Centos manpages mention this the end of the --checksum
option description:
> Note that rsync always verifies that each transferred file was > correctly reconstructed on the receiving side by checking a whole-file > checksum that is generated as the file is transferred, but that > automatic after-the-transfer verification has nothing to do with this > option’s before-the-transfer “Does this file need to be updated?” > check.
Solution 5 - Rsync
There's a distinction to me that scp
is always encrypted with ssh (secure shell), while rsync
isn't necessarily encrypted. More specifically, rsync
doesn't perform any encryption by itself; it's still capable of using other mechanisms (ssh for example) to perform encryption.
In addition to security, encryption also has a major impact on your transfer speed, as well as the CPU overhead. (My experience is that rsync
can be significantly faster than scp
.)
Check out this post for when rsync
has encryption on.
Solution 6 - Rsync
scp is best for one file.
OR a combination of tar
& compression for smaller data sets
like source code trees with small resources (ie: images, sqlite etc).

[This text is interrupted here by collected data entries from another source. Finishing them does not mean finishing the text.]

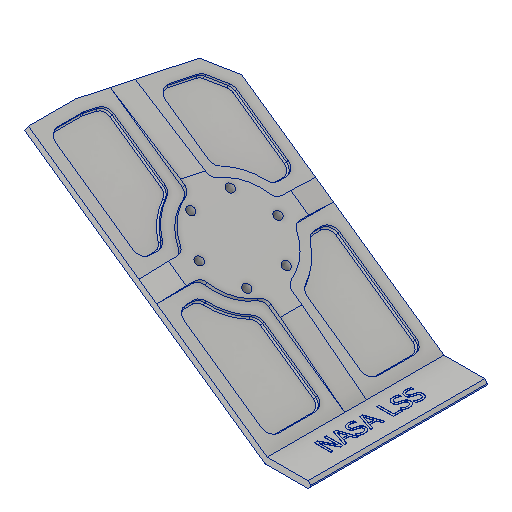
# Autodesk Inventor part: CNCM_ALU_Sorting_shovel_top_plate
Saved by Autodesk Inventor 2025 (Build 290162010, 162A)
## iProperties
Created: 2018-09-12
Part Number: CNCM_ALU_Sorting_shovel_top_plate
Material: Aluminum 6061
Document SubType Name: Modeling
Designer: Andrzej
Density: 2.7 g/cm^3
Appearance: Aluminum - Flat
Mass: 46.5168 g
Surface Area: 175.12 cm^2
Volume: 17.2284 cm^3
Author: Andrzej
Autodesk Inventor part; units mm, degrees
ref_plane "YZ Plane" through (0, 0, 0) normal (1, 0, 0) x (0, 1, 0)
ref_plane "XZ Plane" through (0, 0, 0) normal (0, 1, 0) x (-1, 0, 0)
ref_plane "XY Plane" through (0, 0, 0) normal (0, 0, 1) x (1, 0, 0)
sketch "Sketch3" plane through (0, 0, 0) normal (0, 0, 1) x (1, 0, 0)
  line L0 (-22.236, -1.7566) -> (-6.236, -1.7566)
  line L1 (-22.236, -1.7566) -> (-111.7161, 60.898)
  line L2 (-6.236, -4.2566) -> (-6.236, -1.7566)
  line L3 (-6.236, -4.2566) -> (-23.0242, -4.2566)
  line L4 (-23.0242, -4.2566) -> (-113.15, 58.8501)
  line L5 (-111.7161, 60.898) -> (-113.15, 58.8501)
  point P0 (0, 0)
  dimension "d20" = 2.5
  dimension "d21" = 16
  dimension "d22" = 145
  dimension "d23" = 109.2351
  dimension "d24" = 2.5
  constraints: 12 end point, 2 horizontal
  measures "d20" distance between parallel lines of L1 L4
  measures "d21" distance of L0.start L0.end
  measures "d22" angle of L1 L0
  measures "d23" distance of L0.start L1.end
  measures "d24" distance between parallel lines of L3 L0
extrude "Extrusion4" add sketch "Sketch3" along normal blind 65
sketch "Sketch4" plane through (-111.7161, 60.898, 65) normal (0.5735764, 0.819152, 0) x (0.819152, -0.5735764, 0)
  line L0 (109.2351, 65) -> (0, 65) projected
  line L1 (0, 65) -> (0, 0) projected
  line L2 (109.2351, 0) -> (0, 0) projected
  line L3 (109.2351, 65) -> (109.2351, 0) projected
  line L4 (0, 65) -> (0, 0) projected
  line L5 (0, 17.5) -> (8.3755, 65)
  line L6 (2, 0) -> (2, 17.325)
  line L7 (2, 17.325) -> (10.4064, 65)
  point P0 (126.4421, 65)
  dimension "d27" = 17.5
  dimension "d28" = 170
  dimension "d31" = 2
  dimension "d32" = 2
  constraints: 6 end point, 4 point on line, 1 parallel, 1 vertical
  measures "d27" distance from line of L5.start L2
  measures "d28" angle of L1 L5
  measures "d31" distance between parallel lines of L1 L6
  measures "d32" distance between parallel lines of L5 L7
extrude "Extrusion5" cut sketch "Sketch4" against normal blind 65 contours L7 L6 L2 L1 L5 L0 | L5 L1 L0
chamfer "Chamfer1" distance 8 angle 45 1 edges at (-103.9086, 53.9052, 0)
sketch "Sketch6" plane through (-22.236, -1.7566, 65) normal (0.5735764, 0.819152, 0) x (0.819152, -0.5735764, 0)
  line L0 (0, 65) -> (0, 0) projected
  line L1 (-107.2351, 17.325) -> (-107.2351, 0) projected
  line L2 (-100.2179, 57.1215) -> (-90.8287, 65) projected
  line L3 (-100.2179, 57.1215) -> (-107.2351, 17.325) projected
  line L4 (-107.2351, 17.325) -> (-107.2351, 0) projected
  line L5 (0, 0) -> (-107.2351, 0) projected
  line L6 (0, 65) -> (0, 0) projected
  line L7 (0, 65) -> (-90.8287, 65) projected
  circle A0 centre (-53.6175, 32.5) radius 17.5
  line L8 (-57.6175, 0) -> (-57.6175, 15.4633)
  line L9 (-49.6175, 0) -> (-49.6175, 15.4633)
  line L10 (-36.5808, 28.5) -> (0, 28.5)
  line L11 (-36.5808, 36.5) -> (0, 36.5)
  line L12 (-49.6175, 49.5367) -> (-49.6175, 65)
  line L13 (-57.6175, 49.5367) -> (-57.6175, 65)
  line L14 (-103.854, 36.5) -> (-70.6543, 36.5)
  line L15 (-105.2646, 28.5) -> (-70.6543, 28.5)
  point P0 (17.2071, 65)
  dimension "d41" = 35
  dimension "d39" = 107.2351
  dimension "d40" = 65
  dimension "d42" = 32.5
  dimension "d43" = 53.6175
  dimension "d45" = 4
  dimension "d46" = 4
  dimension "d47" = 4
  dimension "d48" = 4
  constraints: 16 end point, 8 point on line, 4 collinear, 4 perpendicular, 4 vertical, 10 other
  measures "d39" distance between parallel lines of L0 L1
  measures "d40" distance between parallel lines of L7 L5
  measures "d42" distance from line of L5 point (-53.618, 32.5)
  measures "d43" distance from line of L1 point (-53.618, 32.5)
  measures "d45" distance from line of point (-53.618, 32.5) L8
  measures "d46" distance from line of point (-53.618, 32.5) L9
  measures "d47" distance from line of point (-53.618, 32.5) L15
  measures "d48" distance from line of point (-53.618, 32.5) L14
extrude "Extrusion7" add sketch "Sketch6" along normal blind 1.5 contours L0 L10 A0 L11 | L12 A0 L13 L7 | A0 | L5 L8 A0 L9 | A0 L15 L3 L14
sketch "Sketch7" plane through (-110.0778, 59.7509, 65) normal (0.5735764, 0.819152, 0) x (0.819152, -0.5735764, 0)
  line L0 (70.6543, 36.5) -> (107.2351, 36.5) projected
  line L1 (107.2351, 65) -> (107.2351, 36.5) projected
  line L2 (107.2351, 65) -> (57.6175, 65) projected
  line L3 (57.6175, 65) -> (57.6175, 49.5367) projected
  arc A0 (70.6543, 36.5) -> (57.6175, 49.5367) centre (53.6175, 32.5) ccw projected
  line L4 (49.6175, 49.5367) -> (49.6175, 65) projected
  line L5 (49.6175, 65) -> (16.4064, 65) projected
  line L6 (7.0172, 57.1215) -> (16.4064, 65) projected
  line L7 (7.0172, 57.1215) -> (3.3811, 36.5) projected
  line L8 (3.3811, 36.5) -> (36.5808, 36.5) projected
  arc A1 (49.6175, 49.5367) -> (36.5808, 36.5) centre (53.6175, 32.5) ccw projected
  line L9 (107.2351, 28.5) -> (70.6543, 28.5) projected
  arc A2 (57.6175, 15.4633) -> (70.6543, 28.5) centre (53.6175, 32.5) ccw projected
  line L10 (57.6175, 15.4633) -> (57.6175, 0) projected
  line L11 (107.2351, 0) -> (57.6175, 0) projected
  line L12 (107.2351, 28.5) -> (107.2351, 0) projected
  line L13 (49.6175, 0) -> (49.6175, 15.4633) projected
  arc A3 (36.5808, 28.5) -> (49.6175, 15.4633) centre (53.6175, 32.5) ccw projected
  line L14 (36.5808, 28.5) -> (1.9705, 28.5) projected
  line L15 (1.9705, 28.5) -> (0, 17.325) projected
  line L16 (0, 17.325) -> (0, 0) projected
  line L17 (49.6175, 0) -> (0, 0) projected
  line L18 (17.8623, 61) -> (45.6175, 61)
  line L19 (45.6175, 61) -> (45.6175, 52.4562)
  arc A4 (45.6175, 52.4562) -> (33.6613, 40.5) centre (53.6175, 32.5) ccw
  line L20 (33.6613, 40.5) -> (8.1481, 40.5)
  line L21 (8.1481, 40.5) -> (10.7036, 54.9932)
  line L22 (10.7036, 54.9932) -> (17.8623, 61)
  line L23 (5.3268, 24.5) -> (33.6613, 24.5)
  arc A5 (33.6613, 24.5) -> (45.6175, 12.5438) centre (53.6175, 32.5) ccw
  line L24 (45.6175, 12.5438) -> (45.6175, 4)
  line L25 (45.6175, 4) -> (4, 4)
  line L26 (4, 4) -> (4, 16.9751)
  line L27 (4, 16.9751) -> (5.3268, 24.5)
  line L28 (73.5737, 24.5) -> (103.2351, 24.5)
  line L29 (103.2351, 24.5) -> (103.2351, 4)
  line L30 (103.2351, 4) -> (61.6175, 4)
  line L31 (61.6175, 4) -> (61.6175, 12.5438)
  arc A6 (61.6175, 12.5438) -> (73.5737, 24.5) centre (53.6175, 32.5) ccw
  line L32 (103.2351, 40.5) -> (73.5737, 40.5)
  arc A7 (73.5737, 40.5) -> (61.6175, 52.4562) centre (53.6175, 32.5) ccw
  line L33 (61.6175, 52.4562) -> (61.6175, 61)
  line L34 (61.6175, 61) -> (103.2351, 61)
  line L35 (103.2351, 61) -> (103.2351, 40.5)
  point P0 (124.4421, 65)
  dimension "d51" = 4
  dimension "d52" = 4
  dimension "d53" = 4
  dimension "d54" = 4
  constraints: 36 end point, 8 point on circle, 4 centre point, 18 other
  measures "d51" distance between parallel lines of L5 L18
  measures "d52" distance between parallel lines of L14 L23
  measures "d53" radial gap between concentric circles of A2 A6
  measures "d54" distance between parallel lines of L0 L32
extrude "Extrusion8" cut sketch "Sketch7" against normal blind 1.5 contours L18 L19 A4 L20 L21 L22 | L23 A5 L24 L25 L26 L27 | L28 L29 L30 L31 A6 | L32 A7 L33 L34 L35
chamfer "Chamfer2" distance 30 distance2 1.5 1 edges at (-107.0256, 59.4448, 32.5) measured on face at (-68.6742, 32.591, 30.0745)
chamfer "Chamfer3" distance 30 distance2 1.5 1 edges at (-21.3756, -0.5279, 32.5) measured on face at (-67.3858, 31.6888, 27.2538)
chamfer "Chamfer4" distance 10 distance2 1.5 1 edges at (-65.2965, 30.2258, 65) measured on face at (-63.2072, 28.7629, 37.7462)
chamfer "Chamfer5" distance 10 distance2 1.5 1 edges at (-65.2965, 30.2258, 0) measured on face at (-69.0287, 32.8392, 28.8573)
sketch "Sketch8" plane through (-21.3756, -0.5279, 65) normal (0.5735764, 0.819152, 0) x (0.819152, -0.5735764, 0)
  line L0 (-57.6175, 55) -> (-49.6175, 55) projected
  line L1 (-57.6175, 55) -> (-57.6175, 49.5367) projected
  arc A0 (-57.6175, 49.5367) -> (-70.6543, 36.5) centre (-53.6175, 32.5) ccw projected
  line L2 (-70.6543, 36.5) -> (-73.3912, 36.5) projected
  line L3 (-74.8018, 28.5) -> (-73.3912, 36.5) projected
  line L4 (-74.8018, 28.5) -> (-70.6543, 28.5) projected
  arc A1 (-70.6543, 28.5) -> (-57.6175, 15.4633) centre (-53.6175, 32.5) ccw projected
  line L5 (-57.6175, 15.4633) -> (-57.6175, 10) projected
  line L6 (-49.6175, 10) -> (-57.6175, 10) projected
  line L7 (-49.6175, 10) -> (-49.6175, 15.4633) projected
  arc A2 (-49.6175, 15.4633) -> (-36.5808, 28.5) centre (-53.6175, 32.5) ccw projected
  line L8 (-36.5808, 28.5) -> (-30, 28.5) projected
  line L9 (-30, 36.5) -> (-30, 28.5) projected
  line L10 (-30, 36.5) -> (-36.5808, 36.5) projected
  arc A3 (-36.5808, 36.5) -> (-49.6175, 49.5367) centre (-53.6175, 32.5) ccw projected
  line L11 (-49.6175, 49.5367) -> (-49.6175, 55) projected
  circle A4 centre (-53.6175, 47) radius 1.5
  circle A5 centre (-53.6175, 32.5) radius 17.5
  circle A6 centre (-66.1749, 39.75) radius 1.5
  circle A7 centre (-66.1749, 25.25) radius 1.5
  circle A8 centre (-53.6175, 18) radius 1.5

Yet, when you begin dealing with larger volumes say:
- media folders (40 GB)
- database backups (28 GB)
- mp3 libraries (100 GB)
It becomes impractical to build a zip/tar.gz file to transfer with scp at this point do to the physical limits of the hosted server.
As an exercise, you can do some gymnastics like piping tar
into ssh
and redirecting the results into a remote file. (saving the need to build
a swap or temporary clone aka zip or tar.gz)
However,
rsync simplify's this process and allows you to transfer data without consuming any additional disc space.
Also,
Continuous (cron?) updates use minimal changes vs full cloned copies speed up large data migrations over time.
tl;dr
scp
== small scale (with room to build compressed files on the same drive)
rsync
== large scale (with the necessity to backup large data and no room left)
Solution 7 - Rsync
it's better to think in a practical context. In our team, we use rsync -aP
to replace a bad cassandra host in our cluster. We can't do this with scp (slow and no progress preservation).